● Your objective
A line below contains "HLSDem_PWinNegLoCurr_mp : Inport", and a later one contains "HLSDem_KpNegHiCurr_mp : Inport". Repeat both, with every line between them, exactly.

● Records excerpted from a collection
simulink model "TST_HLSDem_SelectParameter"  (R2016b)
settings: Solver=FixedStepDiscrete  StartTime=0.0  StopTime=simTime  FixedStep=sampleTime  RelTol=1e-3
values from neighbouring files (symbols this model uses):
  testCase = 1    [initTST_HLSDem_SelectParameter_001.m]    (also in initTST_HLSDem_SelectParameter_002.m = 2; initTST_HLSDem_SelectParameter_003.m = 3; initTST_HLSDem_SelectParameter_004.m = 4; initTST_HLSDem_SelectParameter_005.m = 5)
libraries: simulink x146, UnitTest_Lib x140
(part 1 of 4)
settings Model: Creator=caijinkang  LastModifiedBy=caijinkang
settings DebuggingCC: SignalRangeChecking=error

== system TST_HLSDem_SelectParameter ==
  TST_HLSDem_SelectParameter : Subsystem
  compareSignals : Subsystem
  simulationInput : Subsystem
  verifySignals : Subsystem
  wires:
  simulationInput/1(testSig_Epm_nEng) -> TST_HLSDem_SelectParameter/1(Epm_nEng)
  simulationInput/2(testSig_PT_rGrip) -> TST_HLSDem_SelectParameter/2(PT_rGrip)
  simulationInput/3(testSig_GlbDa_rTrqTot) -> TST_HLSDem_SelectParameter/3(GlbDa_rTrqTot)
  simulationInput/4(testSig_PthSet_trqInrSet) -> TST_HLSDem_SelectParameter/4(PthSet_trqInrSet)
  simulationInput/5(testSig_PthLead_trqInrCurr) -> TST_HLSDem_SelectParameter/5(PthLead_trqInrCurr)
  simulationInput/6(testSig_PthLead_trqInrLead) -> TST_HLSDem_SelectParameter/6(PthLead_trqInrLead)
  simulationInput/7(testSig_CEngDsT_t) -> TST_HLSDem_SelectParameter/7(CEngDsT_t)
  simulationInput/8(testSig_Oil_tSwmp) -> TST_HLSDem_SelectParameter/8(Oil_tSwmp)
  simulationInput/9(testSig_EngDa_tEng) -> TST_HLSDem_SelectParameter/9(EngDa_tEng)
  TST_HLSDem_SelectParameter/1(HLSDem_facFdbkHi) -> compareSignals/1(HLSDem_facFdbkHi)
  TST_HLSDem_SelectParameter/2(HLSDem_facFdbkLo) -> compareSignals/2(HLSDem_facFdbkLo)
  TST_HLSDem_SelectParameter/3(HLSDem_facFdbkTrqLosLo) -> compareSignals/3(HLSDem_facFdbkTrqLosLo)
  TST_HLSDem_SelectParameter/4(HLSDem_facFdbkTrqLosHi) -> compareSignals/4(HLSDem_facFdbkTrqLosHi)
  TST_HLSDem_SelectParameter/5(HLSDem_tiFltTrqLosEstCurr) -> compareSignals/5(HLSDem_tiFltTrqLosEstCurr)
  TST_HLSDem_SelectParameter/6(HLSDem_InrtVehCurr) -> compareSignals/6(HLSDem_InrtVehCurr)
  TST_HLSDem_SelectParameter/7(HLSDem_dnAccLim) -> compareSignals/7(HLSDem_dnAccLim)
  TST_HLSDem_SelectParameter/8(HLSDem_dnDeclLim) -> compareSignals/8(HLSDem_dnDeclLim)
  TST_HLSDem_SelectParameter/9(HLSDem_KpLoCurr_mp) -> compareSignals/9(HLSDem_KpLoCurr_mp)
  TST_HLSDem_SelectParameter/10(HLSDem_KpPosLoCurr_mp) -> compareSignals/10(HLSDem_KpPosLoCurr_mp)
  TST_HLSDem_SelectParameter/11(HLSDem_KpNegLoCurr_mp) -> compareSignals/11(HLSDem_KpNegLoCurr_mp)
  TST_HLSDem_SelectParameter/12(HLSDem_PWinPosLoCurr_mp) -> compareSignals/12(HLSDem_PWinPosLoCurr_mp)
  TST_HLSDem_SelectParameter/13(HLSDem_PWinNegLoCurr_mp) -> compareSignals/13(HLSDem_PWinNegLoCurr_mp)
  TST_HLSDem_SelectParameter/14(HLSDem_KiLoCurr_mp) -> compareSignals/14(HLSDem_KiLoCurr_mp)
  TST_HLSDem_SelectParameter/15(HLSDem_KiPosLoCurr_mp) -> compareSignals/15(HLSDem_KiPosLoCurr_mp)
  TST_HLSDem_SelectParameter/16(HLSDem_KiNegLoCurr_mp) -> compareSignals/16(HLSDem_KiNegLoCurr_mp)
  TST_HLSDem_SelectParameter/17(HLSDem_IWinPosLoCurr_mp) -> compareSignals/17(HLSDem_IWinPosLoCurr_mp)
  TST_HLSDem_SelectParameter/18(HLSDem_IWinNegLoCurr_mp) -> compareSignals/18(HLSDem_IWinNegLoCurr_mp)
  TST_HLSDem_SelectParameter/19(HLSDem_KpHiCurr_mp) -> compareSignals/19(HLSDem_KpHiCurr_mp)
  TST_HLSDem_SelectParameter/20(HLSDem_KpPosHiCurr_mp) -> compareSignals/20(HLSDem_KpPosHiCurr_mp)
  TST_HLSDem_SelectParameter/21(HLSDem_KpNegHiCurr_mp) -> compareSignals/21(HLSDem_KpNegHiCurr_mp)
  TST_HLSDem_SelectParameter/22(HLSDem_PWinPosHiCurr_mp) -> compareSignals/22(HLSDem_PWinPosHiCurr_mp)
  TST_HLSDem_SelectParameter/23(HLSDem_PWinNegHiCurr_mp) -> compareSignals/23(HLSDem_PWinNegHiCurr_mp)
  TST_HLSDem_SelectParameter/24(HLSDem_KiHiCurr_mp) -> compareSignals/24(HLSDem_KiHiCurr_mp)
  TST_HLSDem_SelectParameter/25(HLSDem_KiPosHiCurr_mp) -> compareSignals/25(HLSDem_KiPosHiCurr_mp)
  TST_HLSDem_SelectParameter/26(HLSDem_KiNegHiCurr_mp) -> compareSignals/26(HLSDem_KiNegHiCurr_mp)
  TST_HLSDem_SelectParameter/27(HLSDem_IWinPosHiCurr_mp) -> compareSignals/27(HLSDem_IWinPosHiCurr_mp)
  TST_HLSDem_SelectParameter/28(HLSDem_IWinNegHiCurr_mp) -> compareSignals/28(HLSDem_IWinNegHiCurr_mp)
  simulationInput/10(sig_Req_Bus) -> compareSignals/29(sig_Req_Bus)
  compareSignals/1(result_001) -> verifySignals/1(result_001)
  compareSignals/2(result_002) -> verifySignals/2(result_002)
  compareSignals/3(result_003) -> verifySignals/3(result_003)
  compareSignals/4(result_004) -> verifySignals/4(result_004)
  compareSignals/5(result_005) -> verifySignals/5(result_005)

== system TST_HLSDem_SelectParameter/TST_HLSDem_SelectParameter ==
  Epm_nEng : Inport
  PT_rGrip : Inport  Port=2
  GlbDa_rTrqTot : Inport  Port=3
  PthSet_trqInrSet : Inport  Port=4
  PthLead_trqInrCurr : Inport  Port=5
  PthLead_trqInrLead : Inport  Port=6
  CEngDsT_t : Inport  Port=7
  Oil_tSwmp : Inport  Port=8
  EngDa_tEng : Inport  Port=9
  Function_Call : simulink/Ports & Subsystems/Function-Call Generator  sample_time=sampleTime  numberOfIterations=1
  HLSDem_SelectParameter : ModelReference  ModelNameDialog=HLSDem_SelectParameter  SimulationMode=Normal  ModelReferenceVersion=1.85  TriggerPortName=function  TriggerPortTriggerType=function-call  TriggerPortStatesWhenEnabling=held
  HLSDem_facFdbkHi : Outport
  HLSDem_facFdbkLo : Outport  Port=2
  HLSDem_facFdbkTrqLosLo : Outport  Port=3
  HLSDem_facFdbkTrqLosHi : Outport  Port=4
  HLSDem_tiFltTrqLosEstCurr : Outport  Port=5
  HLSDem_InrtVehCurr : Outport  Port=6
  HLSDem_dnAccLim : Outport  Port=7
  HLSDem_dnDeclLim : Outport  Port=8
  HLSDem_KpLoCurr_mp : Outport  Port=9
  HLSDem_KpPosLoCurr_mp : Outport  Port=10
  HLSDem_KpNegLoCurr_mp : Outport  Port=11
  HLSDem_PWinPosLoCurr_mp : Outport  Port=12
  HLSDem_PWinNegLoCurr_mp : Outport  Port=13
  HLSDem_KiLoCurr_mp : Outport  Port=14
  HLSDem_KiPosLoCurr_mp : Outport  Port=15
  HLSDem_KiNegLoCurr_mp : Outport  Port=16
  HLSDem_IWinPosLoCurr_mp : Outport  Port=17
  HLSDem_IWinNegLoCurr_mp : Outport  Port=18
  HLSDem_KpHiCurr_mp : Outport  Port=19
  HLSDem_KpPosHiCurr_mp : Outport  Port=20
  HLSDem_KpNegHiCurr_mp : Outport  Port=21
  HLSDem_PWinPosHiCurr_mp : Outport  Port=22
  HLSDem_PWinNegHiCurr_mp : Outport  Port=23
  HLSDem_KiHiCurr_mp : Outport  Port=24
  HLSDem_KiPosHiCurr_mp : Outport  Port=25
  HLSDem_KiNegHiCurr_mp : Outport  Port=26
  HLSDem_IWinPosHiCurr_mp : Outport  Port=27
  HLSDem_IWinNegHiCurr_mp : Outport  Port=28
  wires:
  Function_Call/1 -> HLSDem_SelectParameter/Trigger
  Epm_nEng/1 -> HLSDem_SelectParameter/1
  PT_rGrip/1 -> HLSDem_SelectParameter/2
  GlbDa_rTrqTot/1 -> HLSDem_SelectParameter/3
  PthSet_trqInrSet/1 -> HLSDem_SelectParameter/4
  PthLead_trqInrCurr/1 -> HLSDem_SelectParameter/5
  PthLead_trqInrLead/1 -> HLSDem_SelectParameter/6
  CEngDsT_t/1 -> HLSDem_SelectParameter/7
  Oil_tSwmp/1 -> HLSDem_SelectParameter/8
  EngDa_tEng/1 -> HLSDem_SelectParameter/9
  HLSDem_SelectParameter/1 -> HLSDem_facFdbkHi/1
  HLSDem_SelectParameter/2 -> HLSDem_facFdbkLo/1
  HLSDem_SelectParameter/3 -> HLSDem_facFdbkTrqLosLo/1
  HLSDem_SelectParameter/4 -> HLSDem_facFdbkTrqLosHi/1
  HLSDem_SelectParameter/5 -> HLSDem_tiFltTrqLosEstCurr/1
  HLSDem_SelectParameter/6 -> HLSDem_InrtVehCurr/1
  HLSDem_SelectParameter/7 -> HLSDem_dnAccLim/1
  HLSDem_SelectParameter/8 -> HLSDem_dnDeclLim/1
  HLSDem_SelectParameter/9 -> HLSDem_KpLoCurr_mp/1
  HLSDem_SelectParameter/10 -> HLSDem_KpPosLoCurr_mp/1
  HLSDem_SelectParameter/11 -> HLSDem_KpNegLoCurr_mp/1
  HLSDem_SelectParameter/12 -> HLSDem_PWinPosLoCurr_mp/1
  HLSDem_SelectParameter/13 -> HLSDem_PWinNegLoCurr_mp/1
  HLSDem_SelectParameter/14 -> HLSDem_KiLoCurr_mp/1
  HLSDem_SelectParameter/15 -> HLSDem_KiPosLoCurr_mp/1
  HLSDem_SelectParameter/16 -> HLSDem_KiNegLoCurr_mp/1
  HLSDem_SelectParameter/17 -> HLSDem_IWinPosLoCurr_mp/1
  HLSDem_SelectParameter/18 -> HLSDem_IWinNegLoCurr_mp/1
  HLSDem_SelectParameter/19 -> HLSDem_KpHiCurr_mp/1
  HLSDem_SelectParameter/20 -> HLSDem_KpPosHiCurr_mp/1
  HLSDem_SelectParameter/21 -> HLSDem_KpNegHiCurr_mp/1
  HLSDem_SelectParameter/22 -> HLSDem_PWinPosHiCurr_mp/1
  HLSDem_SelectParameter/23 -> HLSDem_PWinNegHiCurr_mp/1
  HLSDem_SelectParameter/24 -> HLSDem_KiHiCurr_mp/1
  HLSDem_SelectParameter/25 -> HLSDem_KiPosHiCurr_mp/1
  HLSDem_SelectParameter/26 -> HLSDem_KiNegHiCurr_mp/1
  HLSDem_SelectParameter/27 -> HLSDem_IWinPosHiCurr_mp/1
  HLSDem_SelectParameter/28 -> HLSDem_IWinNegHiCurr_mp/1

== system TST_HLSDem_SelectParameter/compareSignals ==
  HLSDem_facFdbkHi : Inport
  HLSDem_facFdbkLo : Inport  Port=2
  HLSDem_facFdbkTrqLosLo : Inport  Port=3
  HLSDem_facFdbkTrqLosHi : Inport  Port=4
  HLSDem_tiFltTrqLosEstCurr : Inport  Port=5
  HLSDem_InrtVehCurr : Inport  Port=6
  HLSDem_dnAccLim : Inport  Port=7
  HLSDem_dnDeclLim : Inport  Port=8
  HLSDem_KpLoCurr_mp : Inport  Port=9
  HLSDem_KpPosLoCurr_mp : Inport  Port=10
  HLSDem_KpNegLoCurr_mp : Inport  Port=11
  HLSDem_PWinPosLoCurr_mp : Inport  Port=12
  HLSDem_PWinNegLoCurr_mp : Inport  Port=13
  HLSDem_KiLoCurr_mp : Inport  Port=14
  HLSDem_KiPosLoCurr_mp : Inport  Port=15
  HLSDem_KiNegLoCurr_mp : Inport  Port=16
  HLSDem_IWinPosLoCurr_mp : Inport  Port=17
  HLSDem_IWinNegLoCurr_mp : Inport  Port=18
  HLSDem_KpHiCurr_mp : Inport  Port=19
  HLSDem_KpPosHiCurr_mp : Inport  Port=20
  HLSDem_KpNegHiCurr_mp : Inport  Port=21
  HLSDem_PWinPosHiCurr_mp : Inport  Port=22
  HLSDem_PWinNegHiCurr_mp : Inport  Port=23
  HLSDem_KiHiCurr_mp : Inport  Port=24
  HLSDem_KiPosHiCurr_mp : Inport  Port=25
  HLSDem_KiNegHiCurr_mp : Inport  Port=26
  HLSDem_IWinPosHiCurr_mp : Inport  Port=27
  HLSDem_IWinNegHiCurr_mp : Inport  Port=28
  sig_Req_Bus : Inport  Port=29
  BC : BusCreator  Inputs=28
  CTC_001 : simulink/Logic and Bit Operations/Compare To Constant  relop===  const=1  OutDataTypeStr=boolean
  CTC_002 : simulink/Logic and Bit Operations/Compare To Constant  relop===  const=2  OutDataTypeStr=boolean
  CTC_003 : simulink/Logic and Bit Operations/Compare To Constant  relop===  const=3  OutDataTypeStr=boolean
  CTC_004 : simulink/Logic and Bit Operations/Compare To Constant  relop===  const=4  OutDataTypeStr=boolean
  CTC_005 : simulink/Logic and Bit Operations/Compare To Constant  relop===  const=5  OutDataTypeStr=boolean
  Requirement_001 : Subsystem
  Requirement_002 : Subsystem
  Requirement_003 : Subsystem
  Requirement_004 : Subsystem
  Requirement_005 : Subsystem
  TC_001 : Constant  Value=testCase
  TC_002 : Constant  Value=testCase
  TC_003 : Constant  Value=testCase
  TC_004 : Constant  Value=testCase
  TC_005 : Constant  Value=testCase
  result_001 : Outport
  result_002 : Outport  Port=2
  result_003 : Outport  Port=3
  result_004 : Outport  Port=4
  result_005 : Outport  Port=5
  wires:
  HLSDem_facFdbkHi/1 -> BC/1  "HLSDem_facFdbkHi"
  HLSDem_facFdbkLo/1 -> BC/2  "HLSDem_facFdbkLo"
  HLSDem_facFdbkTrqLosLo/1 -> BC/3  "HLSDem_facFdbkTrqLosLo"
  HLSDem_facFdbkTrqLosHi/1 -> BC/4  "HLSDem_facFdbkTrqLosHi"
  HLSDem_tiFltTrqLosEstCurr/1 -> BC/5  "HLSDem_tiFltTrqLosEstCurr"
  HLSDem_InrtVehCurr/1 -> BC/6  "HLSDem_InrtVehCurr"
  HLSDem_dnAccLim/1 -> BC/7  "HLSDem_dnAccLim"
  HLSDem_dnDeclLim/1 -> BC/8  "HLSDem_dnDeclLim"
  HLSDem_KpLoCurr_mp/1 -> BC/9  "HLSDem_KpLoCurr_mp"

● Written response
  HLSDem_PWinNegLoCurr_mp : Inport  Port=13
  HLSDem_KiLoCurr_mp : Inport  Port=14
  HLSDem_KiPosLoCurr_mp : Inport  Port=15
  HLSDem_KiNegLoCurr_mp : Inport  Port=16
  HLSDem_IWinPosLoCurr_mp : Inport  Port=17
  HLSDem_IWinNegLoCurr_mp : Inport  Port=18
  HLSDem_KpHiCurr_mp : Inport  Port=19
  HLSDem_KpPosHiCurr_mp : Inport  Port=20
  HLSDem_KpNegHiCurr_mp : Inport  Port=21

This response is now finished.